Statistics - PSY 200 - Two Sample t Tests

Note:
(the symbol s-hatis often used instead of just a lower case s. This helps to avoid confusion between the lower case s and the upper case S.)

Distinguish between a between subjects design and a within subjects design. Recognize examples of each.

Recognize that the data from a between subjects design are treated like the data from two independent samples.

Recognize that the data from a within subjects design are treated like the data from two related samples.

Explain the implications of taking a convenience sample, rather than a random sample, for an experiment.

Explain the importance, in a between subjects experiment with two conditions, of randomly asssigning the subjects to the two conditions.

Explain the implications of sampling error for an experiment.

Recognize that the t test for two independent samples is sometimes simply called the two sample t test.

Recognize that the t test for two related samples is sometimes called the paired t test.

Define the sampling distribution of the difference between means (for independent or related samples), and describe its shape, mean, and standard deviation.

Define the standard error of the difference between means.

Explain how the standard error of the difference between means of related samples differs from that for independent samples.

In the test for independent samples, define the pooled variance estimate ( sp2  ) (what is it an estimate of?).

Determine the degrees of freedom for the two independent samples t test and the two related samples t test.

Calculate the pooled variance estimate either from raw scores or given the unbiased standard deviations ( s-hat1  and s-hat2 ) and sizes of both samples.

Calculate the estimated standard error of the difference between means for independent samples.

Calculate the estimated standard error of the mean difference for related samples, either from raw scores or given the unbiased standard deviation of the difference scores and sample size.

Conduct one-tailed and two-tailed tests of hypotheses about differences between two population means based on data from independent or related samples. Recognize correct and incorrect interpretations of the results and conclusions.
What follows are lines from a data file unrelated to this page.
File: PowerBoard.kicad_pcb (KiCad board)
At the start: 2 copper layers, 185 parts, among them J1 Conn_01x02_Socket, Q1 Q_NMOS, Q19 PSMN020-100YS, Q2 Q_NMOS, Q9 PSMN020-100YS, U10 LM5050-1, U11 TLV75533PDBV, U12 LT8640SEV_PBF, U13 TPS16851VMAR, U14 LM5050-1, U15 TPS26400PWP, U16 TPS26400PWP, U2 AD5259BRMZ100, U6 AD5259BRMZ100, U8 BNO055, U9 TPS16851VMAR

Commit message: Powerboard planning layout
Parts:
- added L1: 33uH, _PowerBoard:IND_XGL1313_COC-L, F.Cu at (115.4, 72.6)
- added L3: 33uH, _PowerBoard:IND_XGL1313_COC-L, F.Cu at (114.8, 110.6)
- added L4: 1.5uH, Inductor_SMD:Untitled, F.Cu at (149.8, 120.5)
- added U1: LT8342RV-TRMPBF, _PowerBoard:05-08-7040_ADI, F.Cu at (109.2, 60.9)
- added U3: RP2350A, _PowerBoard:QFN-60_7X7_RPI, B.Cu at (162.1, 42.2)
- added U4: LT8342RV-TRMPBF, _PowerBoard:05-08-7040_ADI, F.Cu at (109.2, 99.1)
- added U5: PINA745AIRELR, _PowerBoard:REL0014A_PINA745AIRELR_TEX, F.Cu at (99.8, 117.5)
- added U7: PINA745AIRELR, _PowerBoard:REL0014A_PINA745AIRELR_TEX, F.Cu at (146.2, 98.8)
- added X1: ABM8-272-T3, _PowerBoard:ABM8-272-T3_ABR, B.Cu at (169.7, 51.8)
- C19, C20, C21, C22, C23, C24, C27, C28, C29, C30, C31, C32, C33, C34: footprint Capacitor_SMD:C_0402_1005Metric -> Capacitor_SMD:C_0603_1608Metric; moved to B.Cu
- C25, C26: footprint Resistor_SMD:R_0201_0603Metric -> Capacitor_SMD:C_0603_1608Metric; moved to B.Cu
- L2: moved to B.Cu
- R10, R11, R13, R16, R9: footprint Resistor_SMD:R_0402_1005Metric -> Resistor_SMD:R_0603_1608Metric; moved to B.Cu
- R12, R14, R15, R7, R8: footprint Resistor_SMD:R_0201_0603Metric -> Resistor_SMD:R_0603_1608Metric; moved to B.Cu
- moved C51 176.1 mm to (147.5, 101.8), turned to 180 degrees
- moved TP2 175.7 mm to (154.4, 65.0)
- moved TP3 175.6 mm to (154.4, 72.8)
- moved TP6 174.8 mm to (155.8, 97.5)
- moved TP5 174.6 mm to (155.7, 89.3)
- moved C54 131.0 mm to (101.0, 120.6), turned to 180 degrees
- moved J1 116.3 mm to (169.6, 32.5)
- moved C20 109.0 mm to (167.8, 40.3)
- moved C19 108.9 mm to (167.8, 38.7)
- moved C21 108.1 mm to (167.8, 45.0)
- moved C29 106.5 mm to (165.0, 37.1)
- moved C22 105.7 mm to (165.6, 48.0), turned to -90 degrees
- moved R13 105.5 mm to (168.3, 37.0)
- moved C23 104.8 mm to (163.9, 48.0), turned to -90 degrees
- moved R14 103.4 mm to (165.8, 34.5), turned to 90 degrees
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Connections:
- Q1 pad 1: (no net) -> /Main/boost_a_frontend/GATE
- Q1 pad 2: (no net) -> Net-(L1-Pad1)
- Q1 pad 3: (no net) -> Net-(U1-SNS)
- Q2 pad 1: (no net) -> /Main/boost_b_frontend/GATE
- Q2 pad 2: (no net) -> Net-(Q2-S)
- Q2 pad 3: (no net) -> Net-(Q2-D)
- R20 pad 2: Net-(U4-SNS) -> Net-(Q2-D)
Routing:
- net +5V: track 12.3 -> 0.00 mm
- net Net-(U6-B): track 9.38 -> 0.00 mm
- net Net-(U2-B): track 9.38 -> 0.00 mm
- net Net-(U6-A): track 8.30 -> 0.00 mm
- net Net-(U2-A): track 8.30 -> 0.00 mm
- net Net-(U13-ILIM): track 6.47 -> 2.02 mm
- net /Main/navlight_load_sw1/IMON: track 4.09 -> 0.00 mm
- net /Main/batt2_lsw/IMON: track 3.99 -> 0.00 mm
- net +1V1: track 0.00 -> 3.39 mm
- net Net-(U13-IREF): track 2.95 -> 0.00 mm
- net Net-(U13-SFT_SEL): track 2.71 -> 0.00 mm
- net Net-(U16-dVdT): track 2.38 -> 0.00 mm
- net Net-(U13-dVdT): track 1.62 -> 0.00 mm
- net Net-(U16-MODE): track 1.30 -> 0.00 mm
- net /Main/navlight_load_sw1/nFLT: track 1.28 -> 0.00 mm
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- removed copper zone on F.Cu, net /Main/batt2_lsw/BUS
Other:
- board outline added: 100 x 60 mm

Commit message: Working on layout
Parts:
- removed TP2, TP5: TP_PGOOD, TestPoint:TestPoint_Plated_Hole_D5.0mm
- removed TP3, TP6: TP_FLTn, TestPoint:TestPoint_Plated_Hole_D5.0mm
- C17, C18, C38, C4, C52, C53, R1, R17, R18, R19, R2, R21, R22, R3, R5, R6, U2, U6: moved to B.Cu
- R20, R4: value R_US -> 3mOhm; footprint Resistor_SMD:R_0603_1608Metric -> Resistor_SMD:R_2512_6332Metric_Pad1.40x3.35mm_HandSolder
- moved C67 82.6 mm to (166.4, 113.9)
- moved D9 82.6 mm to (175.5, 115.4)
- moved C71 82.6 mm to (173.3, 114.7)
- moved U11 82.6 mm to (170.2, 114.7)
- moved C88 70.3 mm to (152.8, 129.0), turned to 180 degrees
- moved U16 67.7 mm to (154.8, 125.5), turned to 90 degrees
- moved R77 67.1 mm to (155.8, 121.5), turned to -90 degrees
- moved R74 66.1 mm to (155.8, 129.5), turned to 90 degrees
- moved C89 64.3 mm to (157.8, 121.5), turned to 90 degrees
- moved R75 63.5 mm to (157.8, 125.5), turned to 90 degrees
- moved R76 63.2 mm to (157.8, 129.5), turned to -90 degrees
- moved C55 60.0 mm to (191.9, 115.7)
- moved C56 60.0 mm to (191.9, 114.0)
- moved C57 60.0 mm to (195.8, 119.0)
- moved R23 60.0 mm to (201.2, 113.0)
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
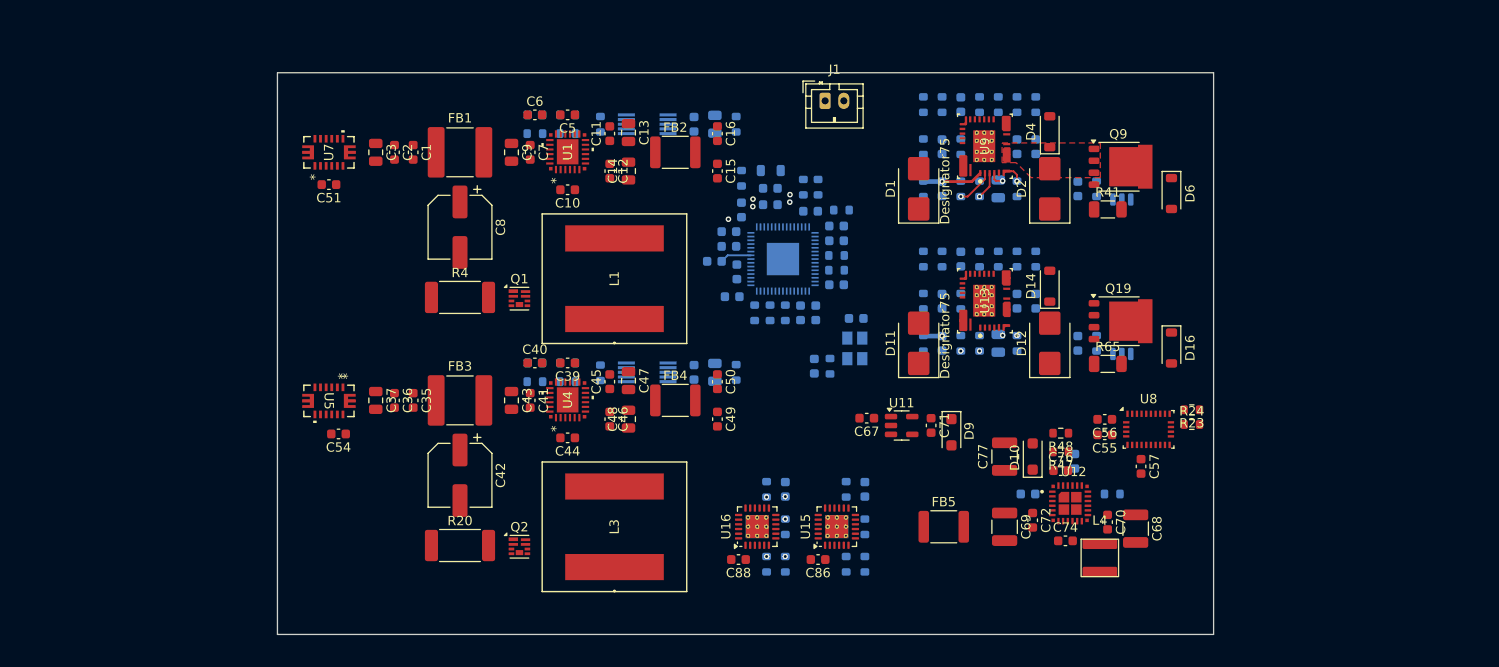
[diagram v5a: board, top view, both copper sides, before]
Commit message: Power board prelim routing
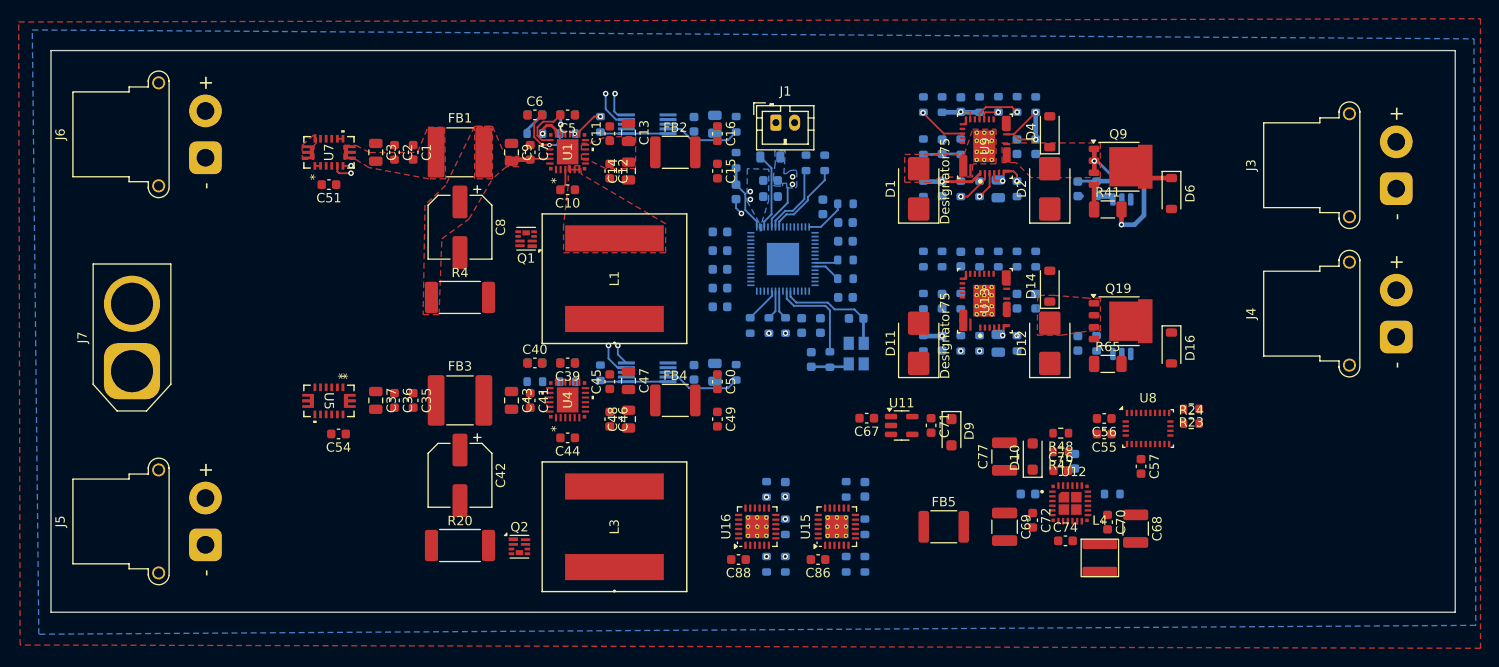
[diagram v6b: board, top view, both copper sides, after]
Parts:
- added J3: Conn_01x02_Pin, Connector_AMASS:AMASS_XT30PW-F_1x02_P2.50mm_Horizontal, F.Cu at (223.0, 89.4)
- added J4: Conn_01x02_Pin, Connector_AMASS:AMASS_XT30PW-F_1x02_P2.50mm_Horizontal, F.Cu at (223.0, 105.2)
- added J5: Conn_01x02_Pin, Connector_AMASS:AMASS_XT30PW-F_1x02_P2.50mm_Horizontal, F.Cu at (95.8, 127.4)
- added J6: Conn_01x02_Pin, Connector_AMASS:AMASS_XT30PW-F_1x02_P2.50mm_Horizontal, F.Cu at (95.8, 86.1)
- added J7: Conn_01x02_Socket, Connector_AMASS:AMASS_XT60-F_1x02_P7.20mm_Vertical, F.Cu at (88.0, 108.9)
- moved Q1 6.44 mm to (130.1, 94.7), turned to 180 degrees
- moved J1 5.75 mm to (156.7, 82.3)
- moved R14 2.69 mm to (162.0, 86.6)
- moved R15 2.61 mm to (160.0, 86.6)
- moved C33 2.59 mm to (156.2, 88.5)
- moved C27 2.50 mm to (150.8, 100.0), turned to 0 degrees
- moved C61 2.01 mm to (182.5, 80.4)
- moved R16 2.01 mm to (152.5, 86.3)
- moved C32 2.01 mm to (152.5, 89.7)
- moved R34 1.99 mm to (180.5, 80.4)
- moved C24 1.69 mm to (150.8, 102.0)
- moved C21 1.65 mm to (164.2, 101.0)
- moved L2 1.45 mm to (156.1, 86.0)
- moved C22 1.44 mm to (161.5, 104.0)
- moved R11 1.44 mm to (154.0, 104.0)
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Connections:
- J1 pad 1: unconnected-(J1-Pin_1-Pad1) -> /Main/mcu/SWDIO
- J1 pad 2: unconnected-(J1-Pin_2-Pad2) -> /Main/mcu/SWCLK
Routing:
- net /Main/SDA: track 0.00 -> 68.9 mm, vias 0 -> 3
- net /Main/SCL: track 0.00 -> 66.4 mm, vias 0 -> 3
- net /Main/mcu/SWCLK: track 0.00 -> 23.0 mm, vias 0 -> 1
- net /Main/mcu/SWDIO: track 0.00 -> 22.8 mm, vias 0 -> 1
- net Net-(U10-GATE): track 0.00 -> 13.4 mm, vias 0 -> 1
- net /Main/mcu/XIN: track 0.00 -> 12.0 mm
- net /Main/mcu/XOUT: track 0.00 -> 10.4 mm
- net Net-(U9-VDD): track 0.00 -> 9.55 mm, vias 0 -> 2
- net /Main/mcu/D+: track 0.00 -> 8.50 mm
- net Net-(U3-VREG_LX): track 0.00 -> 8.29 mm
- net Net-(U6-B): track 0.00 -> 8.13 mm
- net Net-(U2-B): track 0.00 -> 8.13 mm
- net /Main/mcu/D-: track 0.00 -> 7.83 mm
- net /Main/batt1_lsw/OUT: track 0.00 -> 7.38 mm
- net Net-(U2-A): track 0.00 -> 7.30 mm
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- added copper zone on B.Cu, net +1V1
- added copper zone on F.Cu, net /Main/batt2_lsw/BUS
- added copper zone on F.Cu, net /Main/boost_a_frontend/PANEL_IN
- added copper zone on F.Cu, net /Main/boost_a_frontend/Vout
- added copper zone on F.Cu, net /Main/boost_a_in_sns/IN
- added copper zone on B.Cu, net GND
- added copper zone on F.Cu, net GND
- added copper zone on In4.Cu, net GND
- added copper zone on F.Cu, net Net-(C10-Pad1)
- added copper zone on F.Cu, net Net-(U1-VIN)
- added copper zone on F.Cu, net VBUS
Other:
- board size 100 x 60 mm -> 150 x 60 mm
- copper layers 2 -> 6

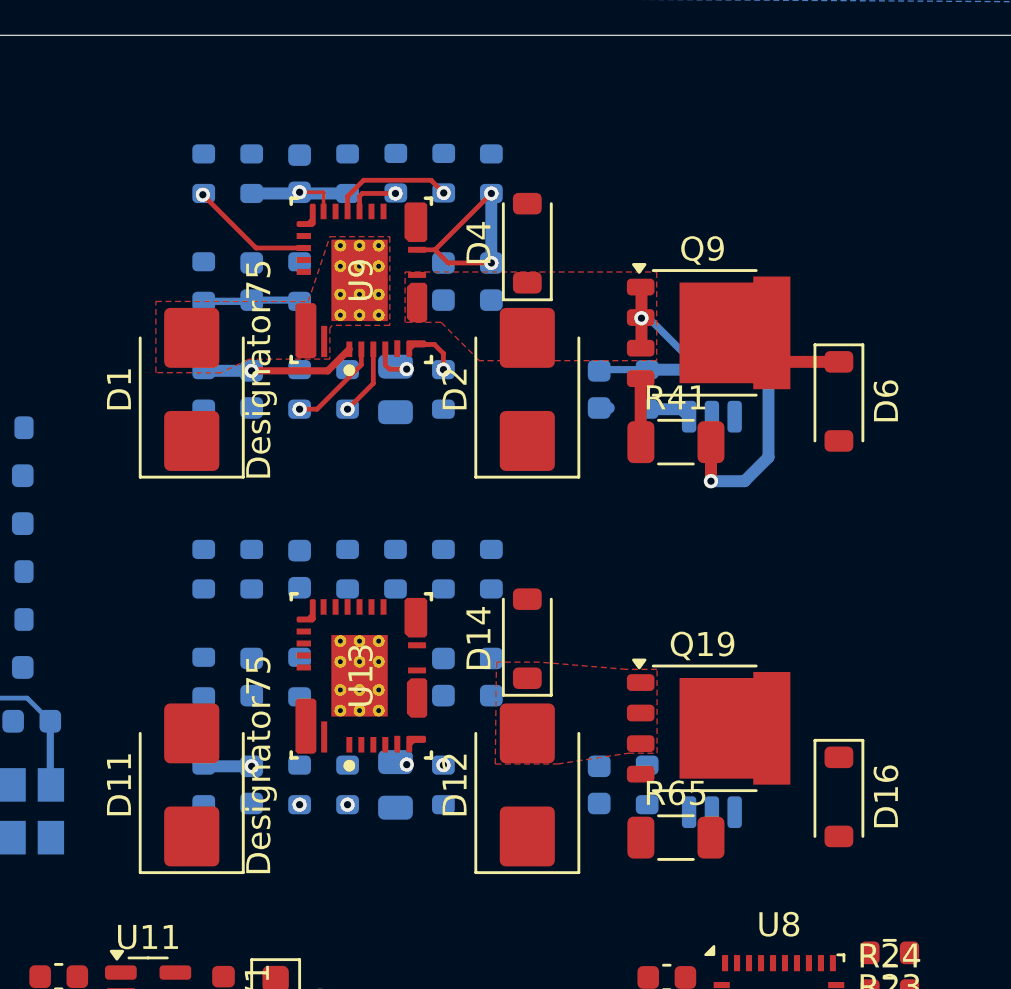
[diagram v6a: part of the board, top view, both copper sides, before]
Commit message: Touching up load switch
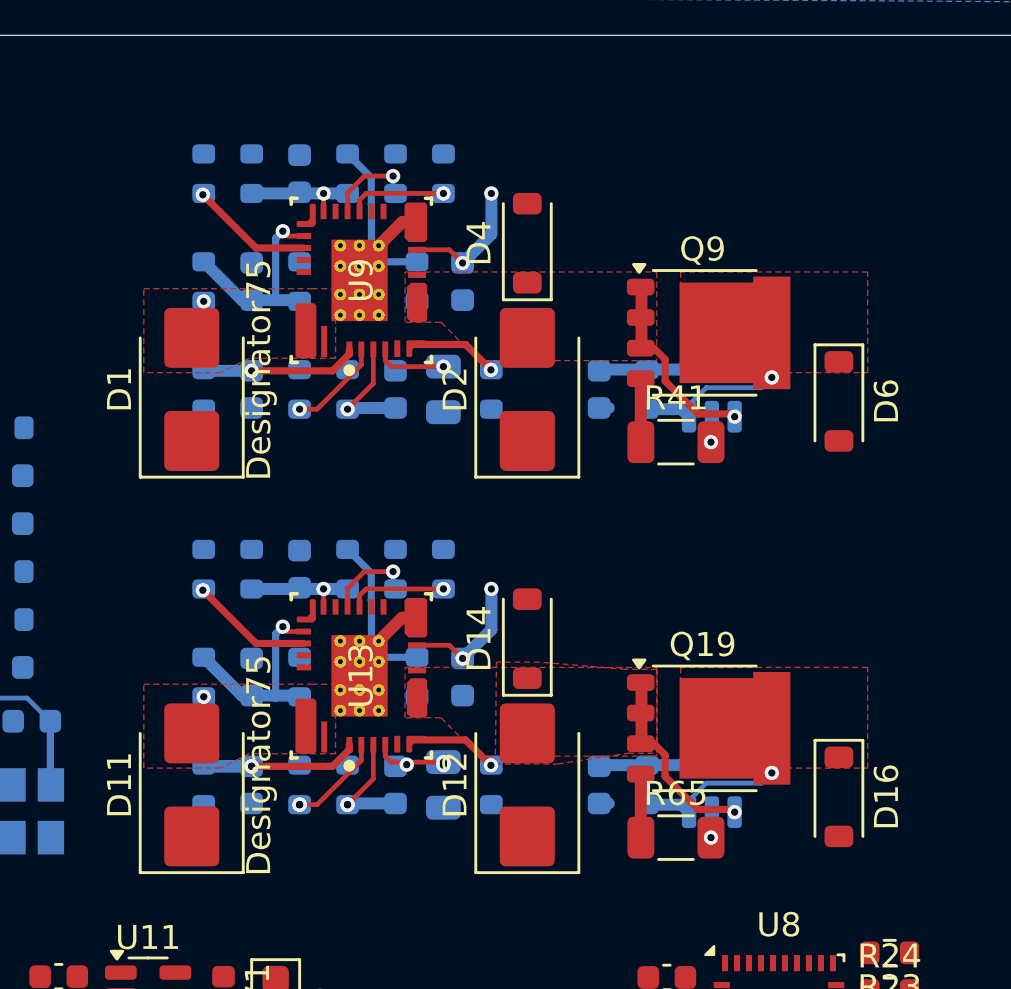
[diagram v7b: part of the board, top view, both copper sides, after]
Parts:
- moved R31 5.46 mm to (181.4, 84.9)
- moved R55 5.46 mm to (181.4, 101.4)
- moved C63 4.92 mm to (180.5, 89.4)
- moved C83 4.92 mm to (180.5, 105.9)
- moved C61 2.01 mm to (180.5, 80.4)
- moved C64 2.00 mm to (182.5, 89.4)
- moved C84 2.00 mm to (182.5, 105.9)
- moved R32 2.00 mm to (184.5, 89.4)
- moved R56 2.00 mm to (184.5, 105.9)
- moved R34 1.99 mm to (182.5, 80.4)
- moved C60 1.20 mm to (183.3, 84.9)
- moved C80 1.20 mm to (183.3, 101.4)
- turned C85 to -90 degrees
- turned R27 to 90 degrees
- turned R51 to 90 degrees
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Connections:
- U9 pad 25: (no net) -> VBUS
- U9 pad 26: (no net) -> VBUS
- U9 pad 27: (no net) -> VBUS
- U9 pad 28: (no net) -> VBUS
- U9 pad 29: (no net) -> VBUS
- U9 pad 30: (no net) -> VBUS
- U9 pad 31: (no net) -> VBUS
- U9 pad 32: (no net) -> VBUS
- U9 pad 33: (no net) -> VBUS
- U9 pad 34: (no net) -> VBUS
- U9 pad 35: (no net) -> VBUS
- U9 pad 36: (no net) -> VBUS
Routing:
- net VBUS: track 0.00 -> 15.5 mm, vias 0 -> 2
- net Net-(U10-GATE): track 13.4 -> 1.13 mm
- net Net-(U13-OVP): track 0.00 -> 8.71 mm, vias 0 -> 1
- net /Main/batt2_lsw/BUS: track 0.00 -> 8.21 mm, vias 0 -> 1
- net /Main/batt2_lsw/OUT: track 0.00 -> 8.01 mm, vias 0 -> 1
- net Net-(U13-ILIM): track 2.02 -> 8.61 mm, vias 1 -> 2
- net Net-(U13-VDD): track 0.00 -> 5.52 mm, vias 0 -> 2
- net /Main/batt2_lsw/PGOOD: track 0.00 -> 5.20 mm, vias 0 -> 1
- net Net-(U13-IREF): track 0.00 -> 4.97 mm, vias 1 -> 2
- net /Main/batt2_lsw/EN_UVLO: track 0.00 -> 4.75 mm, vias 0 -> 1
- net Net-(U9-OVP): track 4.04 -> 8.71 mm, vias 0 -> 1
- net /Main/batt2_lsw/FLTn: track 0.00 -> 4.09 mm, vias 0 -> 1
- net Net-(U9-VDD): track 9.55 -> 5.52 mm
- net /Main/batt2_lsw/IMON: track 0.00 -> 3.99 mm, vias 1 -> 2
- net Net-(U14-VS): track 0.00 -> 3.90 mm
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- added copper zone on F.Cu, net /Main/batt1_lsw/OUT
- added copper zone on F.Cu, net /Main/batt2_lsw/OUT
- added copper zone on F.Cu, net Net-(U13-IREF)

Recognize that the direction (upper or lower) of a one tailed test of the difference between two means can be arbitrarily determined by either subtracting the smaller mean from the larger mean (upper one tailed) or subtracting the larger mean from the smaller mean (lower one tailed), but that it is usually done as an upper one tailed test. Therefore, determining whether a treatment increased or decreased the dependent variable must be determined by looking at which mean is larger and which is smaller, not by considering the direction of the test.

Calculate confidence intervals for the difference between the means of two populations, based on data from independent or related samples. Recognize correct and incorrect conclusions and interpretations.

Recognize the relationship between a confidence interval for the difference between two means that either does or does not contain 0 (when the null hypothesis is that the difference is 0 ) and the significance of the associated hypothesis test.

State the assumptions underlying the t test for the significance of a difference between means (for independent and related samples). Describe effects of violating the assumptions.

Describe factors affecting the power of the t test. Given relevant information, decide which of two (or more) tests is more powerful.

Describe advantages and disadvantages of between subjects vs. within subjects designs.

Given some raw data appropriate for a two sample t test, with a description of how the data was collected and a research question it could answer, use SPSS to conduct the appropriate two sample t  test, interpret the results correctly, and report the results.